[Data for this exercise]

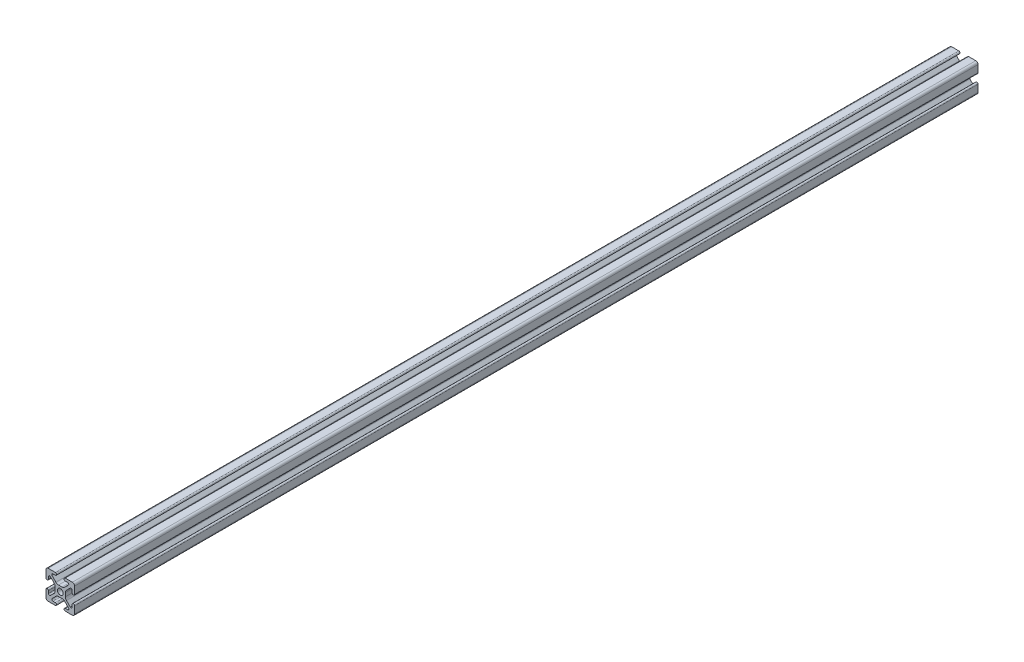
SolidWorks part; units mm, degrees
ref_plane "Front Plane" through (0, 0, 0) normal (0, 0, 1) x (1, 0, 0)
ref_plane "Top Plane" through (0, 0, 0) normal (0, 1, 0) x (1, 0, 0)
ref_plane "Right Plane" through (0, 0, 0) normal (1, 0, 0) x (0, 0, -1)
ref_plane "Plane1" through (0, 0, -25) normal (0, 0, -1) x (-1, 0, 0)
sketch "Sketch1" plane through (0, 0, -25) normal (0, 0, -1) x (-1, 0, 0)
  line L0 (12.5, 4.32) -> (12.5, 10.5371)
  line L1 (10.5371, 12.5) -> (4.32, 12.5)
  line L2 (4.32, 10.36) -> (6.42, 10.36)
  line L3 (7.1337, 8.6353) -> (3.7953, 5.3018)
  line L4 (1.5554, 4.375) -> (-1.5554, 4.375)
  line L5 (-3.7953, 5.3018) -> (-7.1337, 8.6353)
  line L6 (-6.42, 10.36) -> (-4.32, 10.36)
  line L7 (-4.32, 12.5) -> (-10.5371, 12.5)
  line L8 (-12.5, 10.5371) -> (-12.5, 4.32)
  line L9 (-10.36, 4.32) -> (-10.36, 6.3969)
  line L10 (-8.6363, 7.1116) -> (-5.4322, 3.9121)
  line L11 (-4.455, 1.5554) -> (-4.455, -1.5554)
  line L12 (-5.4322, -3.9121) -> (-8.6363, -7.1116)
  line L13 (-10.36, -6.3969) -> (-10.36, -4.32)
  line L14 (-12.5, -4.32) -> (-12.5, -10.5371)
  line L15 (-10.5371, -12.5) -> (-4.3879, -12.5)
  line L16 (-4.3879, -10.36) -> (-6.42, -10.36)
  line L17 (-7.1337, -8.6353) -> (-3.7953, -5.3018)
  line L18 (-1.5554, -4.375) -> (1.5554, -4.375)
  line L19 (3.7953, -5.3018) -> (7.1337, -8.6353)
  line L20 (6.42, -10.36) -> (4.3879, -10.36)
  line L21 (4.3879, -12.5) -> (10.5371, -12.5)
  line L22 (12.5, -10.5371) -> (12.5, -4.32)
  line L23 (10.36, -4.32) -> (10.36, -6.3969)
  line L24 (8.6363, -7.1116) -> (5.4322, -3.9121)
  line L25 (4.455, -1.5554) -> (4.455, 1.5554)
  line L26 (5.4322, 3.9121) -> (8.6363, 7.1116)
  line L27 (10.36, 6.3969) -> (10.36, 4.32)
  circle A0 centre (0, 0) radius 2.5
  arc A1 (12.5, 10.5371) -> (10.5371, 12.5) centre (10.5371, 10.5371) ccw
  arc A2 (4.32, 12.5) -> (4.32, 10.36) centre (4.32, 11.43) ccw
  arc A3 (6.42, 10.36) -> (7.1337, 8.6353) centre (6.42, 9.35) cw
  arc A4 (3.7953, 5.3018) -> (1.5554, 4.375) centre (1.5554, 7.545) cw
  arc A5 (-1.5554, 4.375) -> (-3.7953, 5.3018) centre (-1.5554, 7.545) cw
  arc A6 (-7.1337, 8.6353) -> (-6.42, 10.36) centre (-6.42, 9.35) cw
  arc A7 (-4.32, 10.36) -> (-4.32, 12.5) centre (-4.32, 11.43) ccw
  arc A8 (-10.5371, 12.5) -> (-12.5, 10.5371) centre (-10.5371, 10.5371) ccw
  arc A9 (-12.5, 4.32) -> (-10.36, 4.32) centre (-11.43, 4.32) ccw
  arc A10 (-10.36, 6.3969) -> (-8.6363, 7.1116) centre (-9.35, 6.3969) cw
  arc A11 (-5.4322, 3.9121) -> (-4.455, 1.5554) centre (-7.7855, 1.5554) cw
  arc A12 (-4.455, -1.5554) -> (-5.4322, -3.9121) centre (-7.7855, -1.5554) cw
  arc A13 (-8.6363, -7.1116) -> (-10.36, -6.3969) centre (-9.35, -6.3969) cw
  arc A14 (-10.36, -4.32) -> (-12.5, -4.32) centre (-11.43, -4.32) ccw
  arc A15 (-12.5, -10.5371) -> (-10.5371, -12.5) centre (-10.5371, -10.5371) ccw
  arc A16 (-4.3879, -12.5) -> (-4.3879, -10.36) centre (-4.3879, -11.43) ccw
  arc A17 (-6.42, -10.36) -> (-7.1337, -8.6353) centre (-6.42, -9.35) cw
  arc A18 (-3.7953, -5.3018) -> (-1.5554, -4.375) centre (-1.5554, -7.545) cw
  arc A19 (1.5554, -4.375) -> (3.7953, -5.3018) centre (1.5554, -7.545) cw
  arc A20 (7.1337, -8.6353) -> (6.42, -10.36) centre (6.42, -9.35) cw
  arc A21 (4.3879, -10.36) -> (4.3879, -12.5) centre (4.3879, -11.43) ccw
  arc A22 (10.5371, -12.5) -> (12.5, -10.5371) centre (10.5371, -10.5371) ccw
  arc A23 (12.5, -4.32) -> (10.36, -4.32) centre (11.43, -4.32) ccw
  arc A24 (10.36, -6.3969) -> (8.6363, -7.1116) centre (9.35, -6.3969) cw
  arc A25 (5.4322, -3.9121) -> (4.455, -1.5554) centre (7.7855, -1.5554) cw
  arc A26 (4.455, 1.5554) -> (5.4322, 3.9121) centre (7.7855, 1.5554) cw
  arc A27 (8.6363, 7.1116) -> (10.36, 6.3969) centre (9.35, 6.3969) cw
  arc A28 (10.36, 4.32) -> (12.5, 4.32) centre (11.43, 4.32) ccw
extrude "Boss-Extrude1" add sketch "Sketch1" against normal blind 790

[/Data for this exercise]

* _What you need to do_: Return, word for word, the lines of the data above from the line with "line L21 (4.3879, -12.5)" through the line with "arc A18 (-3.7953, -5.3018)", inclusive.

* _Response area_:
  line L21 (4.3879, -12.5) -> (10.5371, -12.5)
  line L22 (12.5, -10.5371) -> (12.5, -4.32)
  line L23 (10.36, -4.32) -> (10.36, -6.3969)
  line L24 (8.6363, -7.1116) -> (5.4322, -3.9121)
  line L25 (4.455, -1.5554) -> (4.455, 1.5554)
  line L26 (5.4322, 3.9121) -> (8.6363, 7.1116)
  line L27 (10.36, 6.3969) -> (10.36, 4.32)
  circle A0 centre (0, 0) radius 2.5
  arc A1 (12.5, 10.5371) -> (10.5371, 12.5) centre (10.5371, 10.5371) ccw
  arc A2 (4.32, 12.5) -> (4.32, 10.36) centre (4.32, 11.43) ccw
  arc A3 (6.42, 10.36) -> (7.1337, 8.6353) centre (6.42, 9.35) cw
  arc A4 (3.7953, 5.3018) -> (1.5554, 4.375) centre (1.5554, 7.545) cw
  arc A5 (-1.5554, 4.375) -> (-3.7953, 5.3018) centre (-1.5554, 7.545) cw
  arc A6 (-7.1337, 8.6353) -> (-6.42, 10.36) centre (-6.42, 9.35) cw
  arc A7 (-4.32, 10.36) -> (-4.32, 12.5) centre (-4.32, 11.43) ccw
  arc A8 (-10.5371, 12.5) -> (-12.5, 10.5371) centre (-10.5371, 10.5371) ccw
  arc A9 (-12.5, 4.32) -> (-10.36, 4.32) centre (-11.43, 4.32) ccw
  arc A10 (-10.36, 6.3969) -> (-8.6363, 7.1116) centre (-9.35, 6.3969) cw
  arc A11 (-5.4322, 3.9121) -> (-4.455, 1.5554) centre (-7.7855, 1.5554) cw
  arc A12 (-4.455, -1.5554) -> (-5.4322, -3.9121) centre (-7.7855, -1.5554) cw
  arc A13 (-8.6363, -7.1116) -> (-10.36, -6.3969) centre (-9.35, -6.3969) cw
  arc A14 (-10.36, -4.32) -> (-12.5, -4.32) centre (-11.43, -4.32) ccw
  arc A15 (-12.5, -10.5371) -> (-10.5371, -12.5) centre (-10.5371, -10.5371) ccw
  arc A16 (-4.3879, -12.5) -> (-4.3879, -10.36) centre (-4.3879, -11.43) ccw
  arc A17 (-6.42, -10.36) -> (-7.1337, -8.6353) centre (-6.42, -9.35) cw
  arc A18 (-3.7953, -5.3018) -> (-1.5554, -4.375) centre (-1.5554, -7.545) cw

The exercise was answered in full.